Implementation of GRIP began in the beginning of 2003. In the fall of 2003 an initial version of GRIP was tested for three weeks at the surgical ICU without nurses or doctors following its recommendations. Nurse feedback indicated that this test version's user interface was insufficiently intuitive. In November 2004 the final version of GRIP, including the improved user interface as described in the methods, was deployed. First it was monitored for 6 weeks, while the regular paper protocol was still followed. In the next two weeks we started following GRIP's recommendations, gradually increasing its usage bed-by-bed. From January 2005 on, insulin therapy of patients on all beds was determined by GRIP. During the first weeks of deployment a number of small changes to solve trivial problems were needed. Thereafter, two major problems have occurred. First, the computer running GRIP experienced a sudden complete hard-disk crash in April 2005, losing all data. Using our automatic daily backup, the system was up and running again within 6 hours, with less than 24 hours data loss, which was easily reentered into GRIP from the charts. The second problem was the transition to daylight savings time. This was handled correctly by GRIP, but unfortunately the central hospital system only picked up the correct time later during the next day. Before the central system was adjusted to the proper time, all measurements appeared to GRIP one hour later than they actually were. Apart from inconvenience to the nurses, these problems caused no misleading recommendations or dangerous situations.

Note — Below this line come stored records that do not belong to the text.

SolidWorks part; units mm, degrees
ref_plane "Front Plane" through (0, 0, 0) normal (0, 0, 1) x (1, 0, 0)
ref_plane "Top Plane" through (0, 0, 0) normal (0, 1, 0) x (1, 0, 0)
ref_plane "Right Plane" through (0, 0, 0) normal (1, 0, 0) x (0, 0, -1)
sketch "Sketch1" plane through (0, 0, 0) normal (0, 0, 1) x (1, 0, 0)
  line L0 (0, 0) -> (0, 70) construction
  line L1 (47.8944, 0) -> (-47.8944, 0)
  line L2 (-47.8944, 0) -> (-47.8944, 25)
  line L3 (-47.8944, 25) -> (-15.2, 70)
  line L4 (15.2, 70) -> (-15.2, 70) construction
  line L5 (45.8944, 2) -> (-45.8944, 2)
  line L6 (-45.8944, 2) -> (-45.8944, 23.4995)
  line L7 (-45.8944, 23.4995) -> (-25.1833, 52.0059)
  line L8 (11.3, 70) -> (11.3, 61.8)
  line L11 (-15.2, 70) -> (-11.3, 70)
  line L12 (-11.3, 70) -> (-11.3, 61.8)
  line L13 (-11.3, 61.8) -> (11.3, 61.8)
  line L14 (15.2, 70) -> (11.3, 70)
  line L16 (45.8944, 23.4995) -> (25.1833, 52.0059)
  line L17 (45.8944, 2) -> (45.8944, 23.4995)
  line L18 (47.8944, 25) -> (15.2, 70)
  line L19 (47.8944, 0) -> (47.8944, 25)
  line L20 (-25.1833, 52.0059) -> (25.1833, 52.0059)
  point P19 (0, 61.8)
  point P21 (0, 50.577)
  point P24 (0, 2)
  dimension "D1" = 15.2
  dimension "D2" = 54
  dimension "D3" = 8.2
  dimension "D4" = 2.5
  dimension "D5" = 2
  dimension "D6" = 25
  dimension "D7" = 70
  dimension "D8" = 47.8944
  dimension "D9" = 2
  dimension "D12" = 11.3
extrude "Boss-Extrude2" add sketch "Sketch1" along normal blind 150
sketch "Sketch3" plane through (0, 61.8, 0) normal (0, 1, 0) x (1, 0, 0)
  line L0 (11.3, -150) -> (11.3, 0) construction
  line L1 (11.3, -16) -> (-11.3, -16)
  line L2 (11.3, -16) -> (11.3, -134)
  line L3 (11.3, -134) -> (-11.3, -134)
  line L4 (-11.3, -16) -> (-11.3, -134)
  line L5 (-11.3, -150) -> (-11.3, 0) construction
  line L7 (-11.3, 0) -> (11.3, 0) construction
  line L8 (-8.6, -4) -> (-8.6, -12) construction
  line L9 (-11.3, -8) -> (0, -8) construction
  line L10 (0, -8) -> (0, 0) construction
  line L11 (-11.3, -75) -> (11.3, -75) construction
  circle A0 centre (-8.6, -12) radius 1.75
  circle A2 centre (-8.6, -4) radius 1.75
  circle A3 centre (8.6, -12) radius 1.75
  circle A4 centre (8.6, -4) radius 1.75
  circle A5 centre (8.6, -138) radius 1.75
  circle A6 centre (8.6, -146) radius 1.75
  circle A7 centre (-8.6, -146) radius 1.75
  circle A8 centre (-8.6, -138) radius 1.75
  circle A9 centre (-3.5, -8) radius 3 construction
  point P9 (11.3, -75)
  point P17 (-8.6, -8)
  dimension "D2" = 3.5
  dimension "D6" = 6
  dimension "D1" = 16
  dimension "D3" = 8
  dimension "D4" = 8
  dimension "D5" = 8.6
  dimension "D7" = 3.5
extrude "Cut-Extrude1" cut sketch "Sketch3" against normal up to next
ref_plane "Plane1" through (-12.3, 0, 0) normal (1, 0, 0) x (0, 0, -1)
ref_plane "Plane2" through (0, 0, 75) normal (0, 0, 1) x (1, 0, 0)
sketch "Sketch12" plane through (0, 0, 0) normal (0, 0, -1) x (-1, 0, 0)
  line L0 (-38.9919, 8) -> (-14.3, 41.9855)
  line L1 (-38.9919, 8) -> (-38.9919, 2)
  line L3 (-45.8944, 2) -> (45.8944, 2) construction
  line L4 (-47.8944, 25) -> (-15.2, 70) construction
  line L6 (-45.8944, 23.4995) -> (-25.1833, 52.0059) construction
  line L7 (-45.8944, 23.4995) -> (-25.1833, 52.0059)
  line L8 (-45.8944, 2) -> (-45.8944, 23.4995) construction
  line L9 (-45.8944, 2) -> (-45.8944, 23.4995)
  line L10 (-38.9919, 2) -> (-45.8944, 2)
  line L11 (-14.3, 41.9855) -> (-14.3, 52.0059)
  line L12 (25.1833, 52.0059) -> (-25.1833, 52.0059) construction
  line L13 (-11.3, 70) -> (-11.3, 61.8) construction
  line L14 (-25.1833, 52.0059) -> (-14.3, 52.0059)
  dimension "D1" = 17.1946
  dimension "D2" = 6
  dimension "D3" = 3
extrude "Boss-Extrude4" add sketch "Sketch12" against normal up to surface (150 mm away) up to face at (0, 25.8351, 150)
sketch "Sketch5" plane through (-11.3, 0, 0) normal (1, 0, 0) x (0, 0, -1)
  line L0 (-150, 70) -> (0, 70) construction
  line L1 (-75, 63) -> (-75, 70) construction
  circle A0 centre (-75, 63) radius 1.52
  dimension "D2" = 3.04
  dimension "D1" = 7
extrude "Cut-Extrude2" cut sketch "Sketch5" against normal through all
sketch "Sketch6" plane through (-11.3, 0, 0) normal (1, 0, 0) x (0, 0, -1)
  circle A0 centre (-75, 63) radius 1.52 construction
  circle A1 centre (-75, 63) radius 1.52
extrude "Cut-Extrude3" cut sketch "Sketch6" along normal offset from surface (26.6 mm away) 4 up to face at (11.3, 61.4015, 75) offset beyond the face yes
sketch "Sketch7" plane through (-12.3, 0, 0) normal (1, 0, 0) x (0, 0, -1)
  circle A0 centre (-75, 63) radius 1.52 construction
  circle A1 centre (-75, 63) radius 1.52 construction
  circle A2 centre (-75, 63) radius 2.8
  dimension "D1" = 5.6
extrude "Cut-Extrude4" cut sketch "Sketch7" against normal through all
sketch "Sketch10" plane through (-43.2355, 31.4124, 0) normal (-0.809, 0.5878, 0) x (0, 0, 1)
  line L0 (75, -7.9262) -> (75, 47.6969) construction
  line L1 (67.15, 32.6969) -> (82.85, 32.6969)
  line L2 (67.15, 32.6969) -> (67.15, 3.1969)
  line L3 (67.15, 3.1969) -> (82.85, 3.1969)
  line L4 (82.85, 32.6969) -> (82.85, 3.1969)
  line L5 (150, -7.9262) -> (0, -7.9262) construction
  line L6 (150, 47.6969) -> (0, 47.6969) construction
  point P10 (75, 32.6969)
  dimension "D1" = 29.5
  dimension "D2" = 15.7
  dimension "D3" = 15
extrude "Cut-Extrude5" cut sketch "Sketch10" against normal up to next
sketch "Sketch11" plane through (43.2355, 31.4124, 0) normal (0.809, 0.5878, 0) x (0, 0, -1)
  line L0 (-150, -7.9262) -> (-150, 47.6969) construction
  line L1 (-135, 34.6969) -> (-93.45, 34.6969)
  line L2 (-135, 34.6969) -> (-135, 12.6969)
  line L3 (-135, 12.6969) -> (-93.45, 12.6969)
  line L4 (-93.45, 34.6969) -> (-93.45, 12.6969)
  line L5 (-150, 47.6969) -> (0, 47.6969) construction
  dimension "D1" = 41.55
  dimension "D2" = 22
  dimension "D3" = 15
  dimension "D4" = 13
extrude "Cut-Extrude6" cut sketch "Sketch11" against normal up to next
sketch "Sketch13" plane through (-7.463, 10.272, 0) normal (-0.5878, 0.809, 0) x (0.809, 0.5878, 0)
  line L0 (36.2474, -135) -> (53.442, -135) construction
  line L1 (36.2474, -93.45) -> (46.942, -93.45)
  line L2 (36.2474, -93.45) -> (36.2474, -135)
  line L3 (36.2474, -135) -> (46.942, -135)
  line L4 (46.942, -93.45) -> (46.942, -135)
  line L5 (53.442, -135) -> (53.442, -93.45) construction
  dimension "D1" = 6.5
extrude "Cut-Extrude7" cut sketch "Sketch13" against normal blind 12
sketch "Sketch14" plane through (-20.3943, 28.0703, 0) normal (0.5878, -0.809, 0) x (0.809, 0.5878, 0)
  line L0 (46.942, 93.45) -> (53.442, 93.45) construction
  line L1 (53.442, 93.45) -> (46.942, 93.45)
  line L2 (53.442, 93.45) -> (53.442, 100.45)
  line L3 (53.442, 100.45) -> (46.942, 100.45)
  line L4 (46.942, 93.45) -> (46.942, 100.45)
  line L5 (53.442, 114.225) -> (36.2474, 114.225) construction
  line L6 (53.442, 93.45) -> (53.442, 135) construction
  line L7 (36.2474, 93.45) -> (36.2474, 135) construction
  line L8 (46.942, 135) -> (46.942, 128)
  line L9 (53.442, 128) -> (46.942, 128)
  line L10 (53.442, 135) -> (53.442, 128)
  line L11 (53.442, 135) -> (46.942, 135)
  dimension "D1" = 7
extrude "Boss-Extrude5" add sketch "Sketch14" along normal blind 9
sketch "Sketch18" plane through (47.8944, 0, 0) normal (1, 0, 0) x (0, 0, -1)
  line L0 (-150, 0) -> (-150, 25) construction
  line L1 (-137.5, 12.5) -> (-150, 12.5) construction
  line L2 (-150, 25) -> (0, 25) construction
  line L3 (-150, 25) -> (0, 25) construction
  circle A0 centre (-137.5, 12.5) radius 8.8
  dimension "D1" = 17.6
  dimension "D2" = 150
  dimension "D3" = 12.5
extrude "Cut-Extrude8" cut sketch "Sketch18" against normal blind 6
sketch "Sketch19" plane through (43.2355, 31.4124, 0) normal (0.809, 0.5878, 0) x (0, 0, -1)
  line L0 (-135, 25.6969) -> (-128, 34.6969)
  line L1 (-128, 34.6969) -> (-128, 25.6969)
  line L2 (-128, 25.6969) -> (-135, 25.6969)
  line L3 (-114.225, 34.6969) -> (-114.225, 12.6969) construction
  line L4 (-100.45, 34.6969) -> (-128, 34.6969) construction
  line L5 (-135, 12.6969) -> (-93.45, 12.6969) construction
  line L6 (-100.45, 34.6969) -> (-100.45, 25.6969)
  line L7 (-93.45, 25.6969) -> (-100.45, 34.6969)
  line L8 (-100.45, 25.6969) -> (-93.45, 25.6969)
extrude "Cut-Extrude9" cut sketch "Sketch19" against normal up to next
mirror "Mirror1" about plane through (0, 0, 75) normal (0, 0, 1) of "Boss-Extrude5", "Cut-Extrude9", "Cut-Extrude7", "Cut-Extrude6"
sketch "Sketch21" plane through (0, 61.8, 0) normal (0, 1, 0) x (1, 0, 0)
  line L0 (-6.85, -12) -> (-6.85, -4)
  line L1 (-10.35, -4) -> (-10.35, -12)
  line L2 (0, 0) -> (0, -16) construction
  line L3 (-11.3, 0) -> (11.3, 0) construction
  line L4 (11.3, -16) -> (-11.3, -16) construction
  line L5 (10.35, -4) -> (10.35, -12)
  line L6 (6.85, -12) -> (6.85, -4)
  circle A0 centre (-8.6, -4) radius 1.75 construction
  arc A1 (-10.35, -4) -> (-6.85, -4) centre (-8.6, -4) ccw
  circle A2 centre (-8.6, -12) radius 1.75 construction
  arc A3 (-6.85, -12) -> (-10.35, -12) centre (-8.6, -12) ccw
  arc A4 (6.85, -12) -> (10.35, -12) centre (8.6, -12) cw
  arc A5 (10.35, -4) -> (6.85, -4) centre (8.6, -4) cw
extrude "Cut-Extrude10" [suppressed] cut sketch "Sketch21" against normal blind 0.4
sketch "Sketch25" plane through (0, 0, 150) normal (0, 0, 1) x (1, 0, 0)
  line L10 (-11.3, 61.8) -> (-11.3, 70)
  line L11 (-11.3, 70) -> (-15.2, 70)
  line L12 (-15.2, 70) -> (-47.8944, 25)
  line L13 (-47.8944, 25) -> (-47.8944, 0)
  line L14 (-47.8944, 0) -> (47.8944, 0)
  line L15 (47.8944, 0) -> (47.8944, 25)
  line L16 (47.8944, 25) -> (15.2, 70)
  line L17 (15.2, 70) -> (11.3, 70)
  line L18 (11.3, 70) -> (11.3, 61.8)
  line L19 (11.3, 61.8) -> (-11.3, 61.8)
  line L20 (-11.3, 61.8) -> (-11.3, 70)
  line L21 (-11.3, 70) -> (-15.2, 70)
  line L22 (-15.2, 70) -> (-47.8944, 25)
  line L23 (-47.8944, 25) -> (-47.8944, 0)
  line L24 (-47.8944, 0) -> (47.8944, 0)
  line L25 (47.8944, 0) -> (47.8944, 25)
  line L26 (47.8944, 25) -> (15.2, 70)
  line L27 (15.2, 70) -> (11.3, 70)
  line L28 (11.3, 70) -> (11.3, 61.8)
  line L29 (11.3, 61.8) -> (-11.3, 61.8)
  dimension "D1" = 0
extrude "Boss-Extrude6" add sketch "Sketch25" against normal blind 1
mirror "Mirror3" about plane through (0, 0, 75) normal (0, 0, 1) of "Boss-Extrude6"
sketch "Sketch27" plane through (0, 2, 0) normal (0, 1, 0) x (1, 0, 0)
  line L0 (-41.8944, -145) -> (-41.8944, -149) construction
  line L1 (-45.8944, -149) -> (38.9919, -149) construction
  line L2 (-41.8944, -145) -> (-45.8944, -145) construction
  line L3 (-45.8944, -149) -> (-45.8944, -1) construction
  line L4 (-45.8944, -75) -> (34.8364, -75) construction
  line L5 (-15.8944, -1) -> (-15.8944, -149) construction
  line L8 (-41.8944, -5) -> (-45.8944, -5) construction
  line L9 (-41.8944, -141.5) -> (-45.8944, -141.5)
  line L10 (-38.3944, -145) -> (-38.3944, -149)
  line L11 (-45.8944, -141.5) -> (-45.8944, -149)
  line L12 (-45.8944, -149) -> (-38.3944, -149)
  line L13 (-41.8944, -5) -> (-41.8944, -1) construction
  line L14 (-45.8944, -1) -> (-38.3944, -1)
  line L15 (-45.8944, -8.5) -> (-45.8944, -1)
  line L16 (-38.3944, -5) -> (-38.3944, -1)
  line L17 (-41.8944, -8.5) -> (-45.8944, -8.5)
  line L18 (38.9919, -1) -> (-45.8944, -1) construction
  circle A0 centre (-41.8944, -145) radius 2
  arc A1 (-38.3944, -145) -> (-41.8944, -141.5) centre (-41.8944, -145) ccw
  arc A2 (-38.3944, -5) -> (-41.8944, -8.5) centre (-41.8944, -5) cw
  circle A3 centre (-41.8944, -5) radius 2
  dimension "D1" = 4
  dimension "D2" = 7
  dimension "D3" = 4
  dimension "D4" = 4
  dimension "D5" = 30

Currently, the system has been running without interruption for over 3 months without any change, maintenance, crash or other problem. A number of other problems have occurred, all external to GRIP, which would have affected a paper protocol equally as much as it affected GRIP. These included measurements that failed to be included in the central hospital database and malfunction of the point-of-care analyzer. After these problems were resolved and GRIP started receiving correct data again, its recommendations could immediately be followed, because GRIP ignored the erroneous data.

Training of nurses

Basic data entry in GRIP proved to be very straightforward. Only data entry of events that happened in the past was not completely obvious. During the first 2 month observation period, residents were asked to perform data entry and as no recommendations were used, they could experiment and save any questions until the lead programmer (MV) was present at the ICU. When real use of GRIP by nurses was initiated, almost all residents knew how to work with GRIP and could provide explanation to nurses. The staff intensivist (MN) involved in the design of GRIP also provided explanation when asked. No special meetings for training had to be scheduled.

Safety and efficiency

During the 4-month period from January 1st to May 1st, 2005, 179 patients were treated at our ICU, for a total of 957 patient-days. Patient characteristics are shown in table 2. Severe hypoglycemia (< 2.2 mmol/L) occurred once in one patient (0.6 %). Analysis revealed that this was caused by a human error involving accidentally increasing the rate of the insulin pump. Mild hypoglycemia (< 3.5 mmol/L) occurred in 20 patients (11.2 %). 109 out of 179 patients stayed longer than one day at the ICU. Data regarding hyperglycemia in these patients is presented in table 3. Glucose levels met the target range for more than three-quarters of the time in 66 patients (61 %). The glucose sampling frequency was less than 6 times a day in 76 patients (70 %). The median hyperglycemic index indicates that the median patient had a time-weighted glucose level of 6.9 mmol/L. The maximum insulin dose of 10 units/hour was needed in 5 patients (5 %). At the time of maximum insulin infusion, the glucose values of these patients were 8.3, 8.8, 9.3, 14.9 and 17.6 mmol/L. Figure 5 shows median and interquartile range of glucose levels during the first 48 hours of ICU stay.

Table 2.

Patient characteristics

N 179
Age 62 (51 to 72)
Male sex 109 (61 %)
Reason of admission
 Abdominal surgery 87 (49 %)
 Vascular surgery 24 (13 %)
 Trauma 17 (9.5 %)
 Liver transplant 14 (7.8 %)
 Miscellaneous 37 (21 %)
APACHE II 14 (11 to 19)
History of diabetes 26 (14.5 %)
Length of stay at the ICU (days) 1.6 (0.8 to 4.7)
Mortality at the ICU 19 (10.6 %)
Hospital mortality 26 (14.5 %)

Patient characteristics of all patients treated from January 1st to May 1st, 2005.

Table 3.

Glycemic control

Time from admission to first glucose (hours) 0.7 (0.3 to 2.7)
Admission glucose (mmol/L) 8.1 (6.1 to 10.5)
Time to first glucose < 7.5 mmol/L (hours) 5.7 (1.2 to 11.4)
Glucose change in the first 24 hours (mmol/L) -1.2 (-3.9 to +1.4)
Glucose level after 24 hours (mmol/L) 6.7 (6.0 to 7.5)
Fraction of time with glucose between 4 and 7.5 mmol/L 78 % (66 % to 88 %)
Hyperglycemic index (mmol/L) 0.96 (0.68 to 1.37)
Number of glucose samples per day 4.9 (4.2 to 6.2)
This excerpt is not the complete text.